### Assigned task
Copy out every line of the records in which "normal" can be found.

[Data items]

++++++++++

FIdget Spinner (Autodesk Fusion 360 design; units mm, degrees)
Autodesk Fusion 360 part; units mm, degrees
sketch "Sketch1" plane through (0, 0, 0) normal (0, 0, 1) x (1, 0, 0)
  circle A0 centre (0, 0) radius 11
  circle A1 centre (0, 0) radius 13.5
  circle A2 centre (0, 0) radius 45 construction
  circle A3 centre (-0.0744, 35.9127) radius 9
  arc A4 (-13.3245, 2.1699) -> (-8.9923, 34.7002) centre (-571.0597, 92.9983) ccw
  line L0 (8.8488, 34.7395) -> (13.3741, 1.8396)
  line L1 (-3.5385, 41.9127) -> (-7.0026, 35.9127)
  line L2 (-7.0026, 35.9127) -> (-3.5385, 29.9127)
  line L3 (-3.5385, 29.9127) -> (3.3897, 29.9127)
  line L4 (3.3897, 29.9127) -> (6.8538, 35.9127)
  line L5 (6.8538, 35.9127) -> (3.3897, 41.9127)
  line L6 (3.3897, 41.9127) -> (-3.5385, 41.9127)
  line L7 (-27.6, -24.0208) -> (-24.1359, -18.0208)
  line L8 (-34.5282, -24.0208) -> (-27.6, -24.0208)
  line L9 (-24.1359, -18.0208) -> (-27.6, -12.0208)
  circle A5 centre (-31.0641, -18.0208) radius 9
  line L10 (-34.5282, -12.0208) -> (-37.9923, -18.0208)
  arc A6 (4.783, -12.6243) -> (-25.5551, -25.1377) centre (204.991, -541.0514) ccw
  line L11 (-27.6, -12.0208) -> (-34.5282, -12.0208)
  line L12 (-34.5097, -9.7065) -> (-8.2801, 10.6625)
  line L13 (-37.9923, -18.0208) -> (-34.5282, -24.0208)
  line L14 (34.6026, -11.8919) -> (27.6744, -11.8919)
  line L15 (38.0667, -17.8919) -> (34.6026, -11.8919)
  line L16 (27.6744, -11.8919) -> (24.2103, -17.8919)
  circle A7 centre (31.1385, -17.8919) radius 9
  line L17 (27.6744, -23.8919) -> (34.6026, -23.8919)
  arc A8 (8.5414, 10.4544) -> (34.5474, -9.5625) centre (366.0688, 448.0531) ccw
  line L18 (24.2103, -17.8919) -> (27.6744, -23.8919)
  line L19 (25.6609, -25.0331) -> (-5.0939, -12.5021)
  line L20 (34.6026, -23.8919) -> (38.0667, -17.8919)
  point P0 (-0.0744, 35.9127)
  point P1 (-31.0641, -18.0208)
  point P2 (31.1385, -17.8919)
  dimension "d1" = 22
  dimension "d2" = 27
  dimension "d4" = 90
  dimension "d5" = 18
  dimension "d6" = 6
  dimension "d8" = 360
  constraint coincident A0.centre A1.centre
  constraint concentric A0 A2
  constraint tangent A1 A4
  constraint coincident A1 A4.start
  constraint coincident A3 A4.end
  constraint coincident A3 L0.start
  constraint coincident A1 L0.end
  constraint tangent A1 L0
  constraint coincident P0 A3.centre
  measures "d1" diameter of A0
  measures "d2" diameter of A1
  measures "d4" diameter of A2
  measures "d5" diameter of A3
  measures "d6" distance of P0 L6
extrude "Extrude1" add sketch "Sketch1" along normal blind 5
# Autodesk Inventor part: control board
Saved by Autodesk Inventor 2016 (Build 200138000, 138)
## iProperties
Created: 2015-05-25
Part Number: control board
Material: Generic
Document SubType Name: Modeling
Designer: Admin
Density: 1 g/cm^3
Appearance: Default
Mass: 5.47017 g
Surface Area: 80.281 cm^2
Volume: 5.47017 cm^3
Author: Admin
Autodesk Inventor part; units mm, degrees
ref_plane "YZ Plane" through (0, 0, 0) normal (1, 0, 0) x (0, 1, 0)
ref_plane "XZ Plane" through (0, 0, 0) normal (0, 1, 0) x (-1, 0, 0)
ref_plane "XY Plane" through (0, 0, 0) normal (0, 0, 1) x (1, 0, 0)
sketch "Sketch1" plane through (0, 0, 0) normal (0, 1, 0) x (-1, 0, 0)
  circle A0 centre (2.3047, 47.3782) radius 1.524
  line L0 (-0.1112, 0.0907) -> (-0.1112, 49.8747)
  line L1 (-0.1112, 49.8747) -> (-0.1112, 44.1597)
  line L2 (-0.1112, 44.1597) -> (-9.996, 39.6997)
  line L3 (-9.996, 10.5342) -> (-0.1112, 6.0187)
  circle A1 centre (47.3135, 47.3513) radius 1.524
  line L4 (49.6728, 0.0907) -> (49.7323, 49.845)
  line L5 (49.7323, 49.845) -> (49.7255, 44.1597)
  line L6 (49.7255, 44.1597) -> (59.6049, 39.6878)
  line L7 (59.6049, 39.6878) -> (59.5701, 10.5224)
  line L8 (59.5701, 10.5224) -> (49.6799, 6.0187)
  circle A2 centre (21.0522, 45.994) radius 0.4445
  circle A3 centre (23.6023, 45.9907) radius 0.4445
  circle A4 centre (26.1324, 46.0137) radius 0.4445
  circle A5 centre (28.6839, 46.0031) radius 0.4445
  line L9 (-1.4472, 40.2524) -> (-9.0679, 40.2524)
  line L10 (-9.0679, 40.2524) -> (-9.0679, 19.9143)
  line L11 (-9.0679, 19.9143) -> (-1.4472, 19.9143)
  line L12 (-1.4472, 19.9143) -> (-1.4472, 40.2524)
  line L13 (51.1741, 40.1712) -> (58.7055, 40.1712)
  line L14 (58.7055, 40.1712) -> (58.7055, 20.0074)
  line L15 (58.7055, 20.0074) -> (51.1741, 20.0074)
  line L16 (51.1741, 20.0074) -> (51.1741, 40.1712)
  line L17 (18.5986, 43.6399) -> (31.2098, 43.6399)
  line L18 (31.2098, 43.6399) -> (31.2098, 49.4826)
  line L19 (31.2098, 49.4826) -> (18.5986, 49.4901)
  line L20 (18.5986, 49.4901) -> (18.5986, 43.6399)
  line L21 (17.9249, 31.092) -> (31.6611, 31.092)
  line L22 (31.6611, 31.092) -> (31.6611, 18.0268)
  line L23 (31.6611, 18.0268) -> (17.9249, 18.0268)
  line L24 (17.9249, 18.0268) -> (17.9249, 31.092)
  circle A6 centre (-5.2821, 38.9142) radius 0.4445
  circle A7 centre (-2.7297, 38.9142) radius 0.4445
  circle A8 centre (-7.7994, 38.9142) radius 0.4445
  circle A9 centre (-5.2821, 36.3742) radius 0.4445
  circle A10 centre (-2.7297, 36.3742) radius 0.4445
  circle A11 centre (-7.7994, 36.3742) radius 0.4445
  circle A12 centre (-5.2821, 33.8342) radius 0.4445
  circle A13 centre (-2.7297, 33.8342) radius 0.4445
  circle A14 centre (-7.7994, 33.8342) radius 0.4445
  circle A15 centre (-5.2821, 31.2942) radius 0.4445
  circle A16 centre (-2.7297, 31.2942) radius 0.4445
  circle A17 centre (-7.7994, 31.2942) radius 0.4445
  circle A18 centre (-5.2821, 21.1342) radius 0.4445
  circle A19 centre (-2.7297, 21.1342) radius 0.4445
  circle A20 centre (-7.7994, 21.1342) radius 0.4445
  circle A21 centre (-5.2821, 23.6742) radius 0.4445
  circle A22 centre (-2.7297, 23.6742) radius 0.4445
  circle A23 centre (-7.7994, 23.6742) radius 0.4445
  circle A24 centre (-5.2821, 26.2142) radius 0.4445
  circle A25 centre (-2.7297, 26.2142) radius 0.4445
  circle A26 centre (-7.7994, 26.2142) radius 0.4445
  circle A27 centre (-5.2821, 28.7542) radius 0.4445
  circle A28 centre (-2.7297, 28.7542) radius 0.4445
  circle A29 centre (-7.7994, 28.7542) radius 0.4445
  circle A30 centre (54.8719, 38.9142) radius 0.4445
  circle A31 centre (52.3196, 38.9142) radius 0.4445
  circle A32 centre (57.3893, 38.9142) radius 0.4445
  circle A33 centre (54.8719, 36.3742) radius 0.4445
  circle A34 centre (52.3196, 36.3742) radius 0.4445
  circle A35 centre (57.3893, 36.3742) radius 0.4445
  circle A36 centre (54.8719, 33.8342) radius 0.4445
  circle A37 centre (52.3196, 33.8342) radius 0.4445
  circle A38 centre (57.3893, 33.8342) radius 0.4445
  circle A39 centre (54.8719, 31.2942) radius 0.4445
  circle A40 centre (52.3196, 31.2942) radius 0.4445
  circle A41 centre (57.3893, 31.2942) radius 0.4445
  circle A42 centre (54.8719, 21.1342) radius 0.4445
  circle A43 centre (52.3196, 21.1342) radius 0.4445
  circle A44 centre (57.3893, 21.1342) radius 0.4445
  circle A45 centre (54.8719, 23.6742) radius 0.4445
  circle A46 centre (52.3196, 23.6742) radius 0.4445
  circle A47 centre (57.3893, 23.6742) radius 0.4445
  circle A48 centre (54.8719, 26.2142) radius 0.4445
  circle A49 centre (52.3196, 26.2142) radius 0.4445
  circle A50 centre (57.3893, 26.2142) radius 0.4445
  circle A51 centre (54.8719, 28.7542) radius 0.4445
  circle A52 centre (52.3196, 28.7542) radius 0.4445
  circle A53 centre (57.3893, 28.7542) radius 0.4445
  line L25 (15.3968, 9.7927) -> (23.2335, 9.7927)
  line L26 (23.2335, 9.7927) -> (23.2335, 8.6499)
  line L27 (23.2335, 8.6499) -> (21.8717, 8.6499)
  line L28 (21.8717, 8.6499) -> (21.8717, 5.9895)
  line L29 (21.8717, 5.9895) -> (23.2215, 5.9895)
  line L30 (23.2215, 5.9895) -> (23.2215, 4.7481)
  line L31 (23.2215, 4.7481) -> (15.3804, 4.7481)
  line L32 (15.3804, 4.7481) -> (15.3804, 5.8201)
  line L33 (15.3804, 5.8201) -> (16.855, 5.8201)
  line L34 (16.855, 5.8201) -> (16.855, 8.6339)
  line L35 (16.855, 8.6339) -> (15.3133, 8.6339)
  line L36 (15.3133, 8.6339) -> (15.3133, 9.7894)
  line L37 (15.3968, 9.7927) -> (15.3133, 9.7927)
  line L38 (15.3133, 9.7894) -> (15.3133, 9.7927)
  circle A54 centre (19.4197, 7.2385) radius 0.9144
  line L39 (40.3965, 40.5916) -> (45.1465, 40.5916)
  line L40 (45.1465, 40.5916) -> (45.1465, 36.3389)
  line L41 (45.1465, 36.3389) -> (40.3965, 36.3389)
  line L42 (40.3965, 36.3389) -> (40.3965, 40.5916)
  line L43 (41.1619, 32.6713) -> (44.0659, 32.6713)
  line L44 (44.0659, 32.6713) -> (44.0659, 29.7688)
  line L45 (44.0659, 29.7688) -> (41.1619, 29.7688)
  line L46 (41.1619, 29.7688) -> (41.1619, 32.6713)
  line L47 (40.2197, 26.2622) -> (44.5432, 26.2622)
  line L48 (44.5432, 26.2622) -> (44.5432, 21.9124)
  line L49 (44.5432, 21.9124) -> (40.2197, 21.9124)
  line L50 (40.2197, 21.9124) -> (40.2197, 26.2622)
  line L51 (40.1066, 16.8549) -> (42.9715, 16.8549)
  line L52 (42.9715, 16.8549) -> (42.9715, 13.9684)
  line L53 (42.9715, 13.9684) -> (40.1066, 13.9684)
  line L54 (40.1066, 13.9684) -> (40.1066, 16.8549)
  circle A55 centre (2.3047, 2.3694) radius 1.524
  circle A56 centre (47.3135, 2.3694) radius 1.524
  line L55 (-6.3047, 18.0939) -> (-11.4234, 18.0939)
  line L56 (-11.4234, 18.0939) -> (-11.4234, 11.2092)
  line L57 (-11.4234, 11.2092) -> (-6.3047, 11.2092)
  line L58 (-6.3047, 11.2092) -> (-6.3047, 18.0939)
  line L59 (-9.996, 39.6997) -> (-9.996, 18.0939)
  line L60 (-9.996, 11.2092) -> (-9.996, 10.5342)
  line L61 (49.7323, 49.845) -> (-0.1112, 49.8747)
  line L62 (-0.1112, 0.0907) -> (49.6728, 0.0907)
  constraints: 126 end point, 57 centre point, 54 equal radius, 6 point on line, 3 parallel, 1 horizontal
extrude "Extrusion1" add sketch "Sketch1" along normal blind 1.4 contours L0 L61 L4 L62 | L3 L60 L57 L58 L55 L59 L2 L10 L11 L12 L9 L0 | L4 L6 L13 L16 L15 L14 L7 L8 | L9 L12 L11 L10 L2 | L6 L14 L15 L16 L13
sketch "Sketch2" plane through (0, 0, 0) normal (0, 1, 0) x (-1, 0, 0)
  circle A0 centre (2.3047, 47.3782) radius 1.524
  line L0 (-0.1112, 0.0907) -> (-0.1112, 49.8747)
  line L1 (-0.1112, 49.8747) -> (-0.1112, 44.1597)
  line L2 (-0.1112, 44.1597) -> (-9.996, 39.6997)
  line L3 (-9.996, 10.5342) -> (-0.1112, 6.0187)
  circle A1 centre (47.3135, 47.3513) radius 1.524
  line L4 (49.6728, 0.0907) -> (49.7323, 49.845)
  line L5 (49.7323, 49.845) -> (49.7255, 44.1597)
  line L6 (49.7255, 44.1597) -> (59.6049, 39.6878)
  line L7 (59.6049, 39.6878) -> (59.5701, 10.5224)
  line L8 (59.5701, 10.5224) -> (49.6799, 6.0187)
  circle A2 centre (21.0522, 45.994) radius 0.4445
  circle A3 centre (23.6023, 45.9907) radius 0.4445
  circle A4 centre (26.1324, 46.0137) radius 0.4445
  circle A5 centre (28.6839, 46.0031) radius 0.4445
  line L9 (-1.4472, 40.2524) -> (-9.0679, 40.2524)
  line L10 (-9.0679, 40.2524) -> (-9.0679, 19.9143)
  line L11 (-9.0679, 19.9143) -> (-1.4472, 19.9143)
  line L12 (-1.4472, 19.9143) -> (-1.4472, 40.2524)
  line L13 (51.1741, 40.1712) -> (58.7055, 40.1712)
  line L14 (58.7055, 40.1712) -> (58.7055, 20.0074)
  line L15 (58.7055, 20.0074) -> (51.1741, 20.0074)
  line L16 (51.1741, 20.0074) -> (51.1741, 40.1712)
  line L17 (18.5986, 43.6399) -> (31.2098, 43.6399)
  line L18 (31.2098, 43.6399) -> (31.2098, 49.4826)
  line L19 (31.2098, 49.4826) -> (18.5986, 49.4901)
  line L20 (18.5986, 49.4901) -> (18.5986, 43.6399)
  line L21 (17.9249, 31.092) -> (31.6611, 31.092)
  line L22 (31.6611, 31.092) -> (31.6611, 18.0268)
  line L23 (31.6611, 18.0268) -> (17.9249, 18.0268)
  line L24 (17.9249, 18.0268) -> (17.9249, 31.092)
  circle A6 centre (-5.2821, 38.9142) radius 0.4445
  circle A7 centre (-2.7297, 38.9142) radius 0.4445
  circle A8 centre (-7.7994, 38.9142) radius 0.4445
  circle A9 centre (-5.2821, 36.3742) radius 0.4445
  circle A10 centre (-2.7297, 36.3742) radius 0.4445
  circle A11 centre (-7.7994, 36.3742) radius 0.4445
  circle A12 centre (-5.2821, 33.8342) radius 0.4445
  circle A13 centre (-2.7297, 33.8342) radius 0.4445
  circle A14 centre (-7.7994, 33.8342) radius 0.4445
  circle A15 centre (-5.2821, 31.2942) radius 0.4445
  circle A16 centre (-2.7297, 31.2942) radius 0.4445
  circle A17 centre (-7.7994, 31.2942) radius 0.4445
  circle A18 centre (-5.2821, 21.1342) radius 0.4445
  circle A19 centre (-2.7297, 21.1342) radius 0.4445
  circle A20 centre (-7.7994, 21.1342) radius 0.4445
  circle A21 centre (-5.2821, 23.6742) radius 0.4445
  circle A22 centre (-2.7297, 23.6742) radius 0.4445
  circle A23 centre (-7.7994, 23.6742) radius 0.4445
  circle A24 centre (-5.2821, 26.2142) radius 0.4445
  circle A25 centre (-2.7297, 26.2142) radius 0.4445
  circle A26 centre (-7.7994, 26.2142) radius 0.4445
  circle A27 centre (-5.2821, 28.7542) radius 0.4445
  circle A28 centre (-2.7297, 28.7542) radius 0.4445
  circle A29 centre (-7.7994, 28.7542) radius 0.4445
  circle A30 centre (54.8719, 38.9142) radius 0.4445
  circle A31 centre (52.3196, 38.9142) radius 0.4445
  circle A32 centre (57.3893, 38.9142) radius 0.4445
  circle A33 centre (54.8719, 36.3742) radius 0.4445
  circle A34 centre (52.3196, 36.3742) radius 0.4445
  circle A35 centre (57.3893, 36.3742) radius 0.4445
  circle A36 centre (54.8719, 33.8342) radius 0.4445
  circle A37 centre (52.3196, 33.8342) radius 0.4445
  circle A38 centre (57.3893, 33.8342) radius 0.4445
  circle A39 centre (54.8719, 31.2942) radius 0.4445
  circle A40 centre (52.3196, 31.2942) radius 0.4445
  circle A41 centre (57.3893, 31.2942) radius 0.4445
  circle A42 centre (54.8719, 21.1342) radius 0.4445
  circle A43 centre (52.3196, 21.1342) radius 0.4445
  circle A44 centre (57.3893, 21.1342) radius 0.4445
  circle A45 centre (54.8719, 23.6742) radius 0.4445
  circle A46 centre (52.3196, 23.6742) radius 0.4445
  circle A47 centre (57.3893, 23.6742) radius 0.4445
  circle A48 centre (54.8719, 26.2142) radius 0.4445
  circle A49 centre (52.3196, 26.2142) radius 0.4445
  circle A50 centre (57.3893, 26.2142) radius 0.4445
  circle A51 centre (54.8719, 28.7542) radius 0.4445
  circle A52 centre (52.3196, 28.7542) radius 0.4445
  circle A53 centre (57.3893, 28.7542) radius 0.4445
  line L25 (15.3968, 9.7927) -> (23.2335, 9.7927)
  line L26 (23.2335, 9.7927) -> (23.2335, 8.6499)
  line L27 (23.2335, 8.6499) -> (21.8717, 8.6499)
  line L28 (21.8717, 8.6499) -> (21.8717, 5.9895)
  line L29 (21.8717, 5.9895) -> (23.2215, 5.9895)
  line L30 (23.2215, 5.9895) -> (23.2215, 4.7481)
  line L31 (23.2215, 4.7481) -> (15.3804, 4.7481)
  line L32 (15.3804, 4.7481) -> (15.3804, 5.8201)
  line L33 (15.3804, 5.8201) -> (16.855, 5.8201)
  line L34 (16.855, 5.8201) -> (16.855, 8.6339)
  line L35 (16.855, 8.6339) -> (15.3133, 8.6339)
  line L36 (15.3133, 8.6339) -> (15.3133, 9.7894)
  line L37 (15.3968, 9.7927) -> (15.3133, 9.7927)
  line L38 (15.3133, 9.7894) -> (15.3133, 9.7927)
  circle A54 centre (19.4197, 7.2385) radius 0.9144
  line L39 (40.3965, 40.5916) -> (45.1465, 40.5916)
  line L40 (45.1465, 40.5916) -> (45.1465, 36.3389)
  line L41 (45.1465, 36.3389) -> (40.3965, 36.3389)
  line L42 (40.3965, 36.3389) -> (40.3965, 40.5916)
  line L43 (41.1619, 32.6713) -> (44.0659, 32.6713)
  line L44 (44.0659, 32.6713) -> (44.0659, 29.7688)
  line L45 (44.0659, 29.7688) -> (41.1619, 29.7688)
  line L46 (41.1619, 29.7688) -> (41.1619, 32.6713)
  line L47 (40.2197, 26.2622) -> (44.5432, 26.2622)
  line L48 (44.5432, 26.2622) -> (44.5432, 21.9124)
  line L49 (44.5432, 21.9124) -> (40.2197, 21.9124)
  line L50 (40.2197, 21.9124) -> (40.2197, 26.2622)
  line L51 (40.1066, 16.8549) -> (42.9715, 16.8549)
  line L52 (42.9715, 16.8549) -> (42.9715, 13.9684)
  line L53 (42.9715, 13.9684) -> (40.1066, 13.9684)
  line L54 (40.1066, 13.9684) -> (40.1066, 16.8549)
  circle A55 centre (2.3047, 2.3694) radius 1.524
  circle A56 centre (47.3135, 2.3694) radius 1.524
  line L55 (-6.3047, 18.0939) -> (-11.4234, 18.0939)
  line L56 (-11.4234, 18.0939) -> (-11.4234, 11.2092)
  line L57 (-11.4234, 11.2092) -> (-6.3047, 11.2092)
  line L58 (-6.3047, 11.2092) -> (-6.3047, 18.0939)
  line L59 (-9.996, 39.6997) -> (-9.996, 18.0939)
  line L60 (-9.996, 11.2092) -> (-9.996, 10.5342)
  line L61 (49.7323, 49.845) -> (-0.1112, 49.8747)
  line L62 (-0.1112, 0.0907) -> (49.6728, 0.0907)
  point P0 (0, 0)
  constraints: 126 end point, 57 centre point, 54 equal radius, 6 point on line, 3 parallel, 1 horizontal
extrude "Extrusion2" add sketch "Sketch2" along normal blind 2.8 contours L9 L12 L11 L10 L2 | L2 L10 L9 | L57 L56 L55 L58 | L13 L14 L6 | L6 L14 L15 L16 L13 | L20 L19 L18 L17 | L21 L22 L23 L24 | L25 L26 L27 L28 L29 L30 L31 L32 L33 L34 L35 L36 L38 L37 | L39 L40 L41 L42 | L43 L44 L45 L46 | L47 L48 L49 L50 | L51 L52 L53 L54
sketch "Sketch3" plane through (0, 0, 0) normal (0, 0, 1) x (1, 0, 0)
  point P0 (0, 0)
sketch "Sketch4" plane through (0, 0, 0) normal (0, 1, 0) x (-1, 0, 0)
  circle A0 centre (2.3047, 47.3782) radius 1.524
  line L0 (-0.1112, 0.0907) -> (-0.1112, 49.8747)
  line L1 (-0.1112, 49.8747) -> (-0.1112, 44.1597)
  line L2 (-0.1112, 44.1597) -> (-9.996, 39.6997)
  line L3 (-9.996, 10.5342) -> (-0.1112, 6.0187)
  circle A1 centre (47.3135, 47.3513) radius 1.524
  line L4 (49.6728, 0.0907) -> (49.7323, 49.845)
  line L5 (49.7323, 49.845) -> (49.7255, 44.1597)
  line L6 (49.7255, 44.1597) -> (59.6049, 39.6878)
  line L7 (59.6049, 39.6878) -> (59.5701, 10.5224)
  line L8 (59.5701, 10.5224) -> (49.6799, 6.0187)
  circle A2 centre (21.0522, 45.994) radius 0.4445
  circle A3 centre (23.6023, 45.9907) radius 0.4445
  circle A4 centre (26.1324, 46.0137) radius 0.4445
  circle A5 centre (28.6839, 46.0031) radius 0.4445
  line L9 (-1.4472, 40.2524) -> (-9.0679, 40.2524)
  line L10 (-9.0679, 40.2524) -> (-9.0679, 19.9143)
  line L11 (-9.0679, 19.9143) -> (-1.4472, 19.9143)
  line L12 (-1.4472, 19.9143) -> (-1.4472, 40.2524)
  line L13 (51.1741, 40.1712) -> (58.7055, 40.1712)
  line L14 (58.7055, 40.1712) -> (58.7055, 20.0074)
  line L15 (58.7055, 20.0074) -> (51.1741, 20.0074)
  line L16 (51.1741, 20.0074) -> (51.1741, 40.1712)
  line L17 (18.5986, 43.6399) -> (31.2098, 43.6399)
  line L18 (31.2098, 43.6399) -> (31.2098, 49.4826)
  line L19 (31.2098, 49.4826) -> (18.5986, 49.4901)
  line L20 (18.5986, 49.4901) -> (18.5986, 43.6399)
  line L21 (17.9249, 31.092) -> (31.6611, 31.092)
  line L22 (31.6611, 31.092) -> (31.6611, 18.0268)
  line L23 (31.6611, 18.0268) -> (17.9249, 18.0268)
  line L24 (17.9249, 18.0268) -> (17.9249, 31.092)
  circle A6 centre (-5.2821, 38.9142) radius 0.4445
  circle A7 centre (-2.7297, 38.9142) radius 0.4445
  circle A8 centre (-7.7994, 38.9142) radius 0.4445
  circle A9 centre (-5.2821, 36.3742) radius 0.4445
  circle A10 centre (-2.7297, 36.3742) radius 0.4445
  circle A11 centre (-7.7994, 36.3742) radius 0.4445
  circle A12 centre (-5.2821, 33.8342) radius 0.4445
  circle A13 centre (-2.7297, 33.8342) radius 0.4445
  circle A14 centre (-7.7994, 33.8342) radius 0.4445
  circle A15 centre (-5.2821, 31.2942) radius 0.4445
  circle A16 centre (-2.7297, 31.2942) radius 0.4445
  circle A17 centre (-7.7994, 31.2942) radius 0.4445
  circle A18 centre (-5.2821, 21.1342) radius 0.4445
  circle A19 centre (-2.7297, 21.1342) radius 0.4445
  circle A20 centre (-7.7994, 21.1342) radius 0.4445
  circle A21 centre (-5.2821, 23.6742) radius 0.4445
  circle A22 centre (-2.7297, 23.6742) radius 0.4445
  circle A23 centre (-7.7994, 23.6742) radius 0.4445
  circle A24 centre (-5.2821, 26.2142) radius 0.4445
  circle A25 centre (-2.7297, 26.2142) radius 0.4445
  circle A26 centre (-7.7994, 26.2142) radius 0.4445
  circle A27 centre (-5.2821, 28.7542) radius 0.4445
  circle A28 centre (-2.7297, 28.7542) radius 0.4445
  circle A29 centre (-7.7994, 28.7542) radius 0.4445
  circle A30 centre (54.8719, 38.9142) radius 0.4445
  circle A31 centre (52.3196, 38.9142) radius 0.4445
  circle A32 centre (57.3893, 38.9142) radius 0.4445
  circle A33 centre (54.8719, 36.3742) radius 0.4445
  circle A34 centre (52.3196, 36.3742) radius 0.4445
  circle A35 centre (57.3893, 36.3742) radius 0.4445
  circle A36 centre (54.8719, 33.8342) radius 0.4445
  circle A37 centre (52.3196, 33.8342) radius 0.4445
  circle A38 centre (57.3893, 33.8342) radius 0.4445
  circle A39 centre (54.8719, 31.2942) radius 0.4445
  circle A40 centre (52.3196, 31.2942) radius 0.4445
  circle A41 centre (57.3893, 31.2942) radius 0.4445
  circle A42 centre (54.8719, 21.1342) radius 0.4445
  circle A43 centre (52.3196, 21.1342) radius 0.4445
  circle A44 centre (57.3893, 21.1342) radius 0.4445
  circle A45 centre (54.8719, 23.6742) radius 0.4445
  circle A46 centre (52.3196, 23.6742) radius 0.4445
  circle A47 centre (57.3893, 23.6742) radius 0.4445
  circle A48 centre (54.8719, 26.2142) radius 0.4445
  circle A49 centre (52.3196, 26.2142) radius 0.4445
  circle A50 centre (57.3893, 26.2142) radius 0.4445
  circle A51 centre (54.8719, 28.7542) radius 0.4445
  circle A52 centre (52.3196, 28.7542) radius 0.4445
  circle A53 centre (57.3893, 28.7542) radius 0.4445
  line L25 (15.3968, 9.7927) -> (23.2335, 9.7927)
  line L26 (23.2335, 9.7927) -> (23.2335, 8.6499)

++++++++++

### Task answer
sketch "Sketch1" plane through (0, 0, 0) normal (0, 0, 1) x (1, 0, 0)
extrude "Extrude1" add sketch "Sketch1" along normal blind 5
ref_plane "YZ Plane" through (0, 0, 0) normal (1, 0, 0) x (0, 1, 0)
ref_plane "XZ Plane" through (0, 0, 0) normal (0, 1, 0) x (-1, 0, 0)
ref_plane "XY Plane" through (0, 0, 0) normal (0, 0, 1) x (1, 0, 0)
sketch "Sketch1" plane through (0, 0, 0) normal (0, 1, 0) x (-1, 0, 0)
extrude "Extrusion1" add sketch "Sketch1" along normal blind 1.4 contours L0 L61 L4 L62 | L3 L60 L57 L58 L55 L59 L2 L10 L11 L12 L9 L0 | L4 L6 L13 L16 L15 L14 L7 L8 | L9 L12 L11 L10 L2 | L6 L14 L15 L16 L13
sketch "Sketch2" plane through (0, 0, 0) normal (0, 1, 0) x (-1, 0, 0)
extrude "Extrusion2" add sketch "Sketch2" along normal blind 2.8 contours L9 L12 L11 L10 L2 | L2 L10 L9 | L57 L56 L55 L58 | L13 L14 L6 | L6 L14 L15 L16 L13 | L20 L19 L18 L17 | L21 L22 L23 L24 | L25 L26 L27 L28 L29 L30 L31 L32 L33 L34 L35 L36 L38 L37 | L39 L40 L41 L42 | L43 L44 L45 L46 | L47 L48 L49 L50 | L51 L52 L53 L54
sketch "Sketch3" plane through (0, 0, 0) normal (0, 0, 1) x (1, 0, 0)
sketch "Sketch4" plane through (0, 0, 0) normal (0, 1, 0) x (-1, 0, 0)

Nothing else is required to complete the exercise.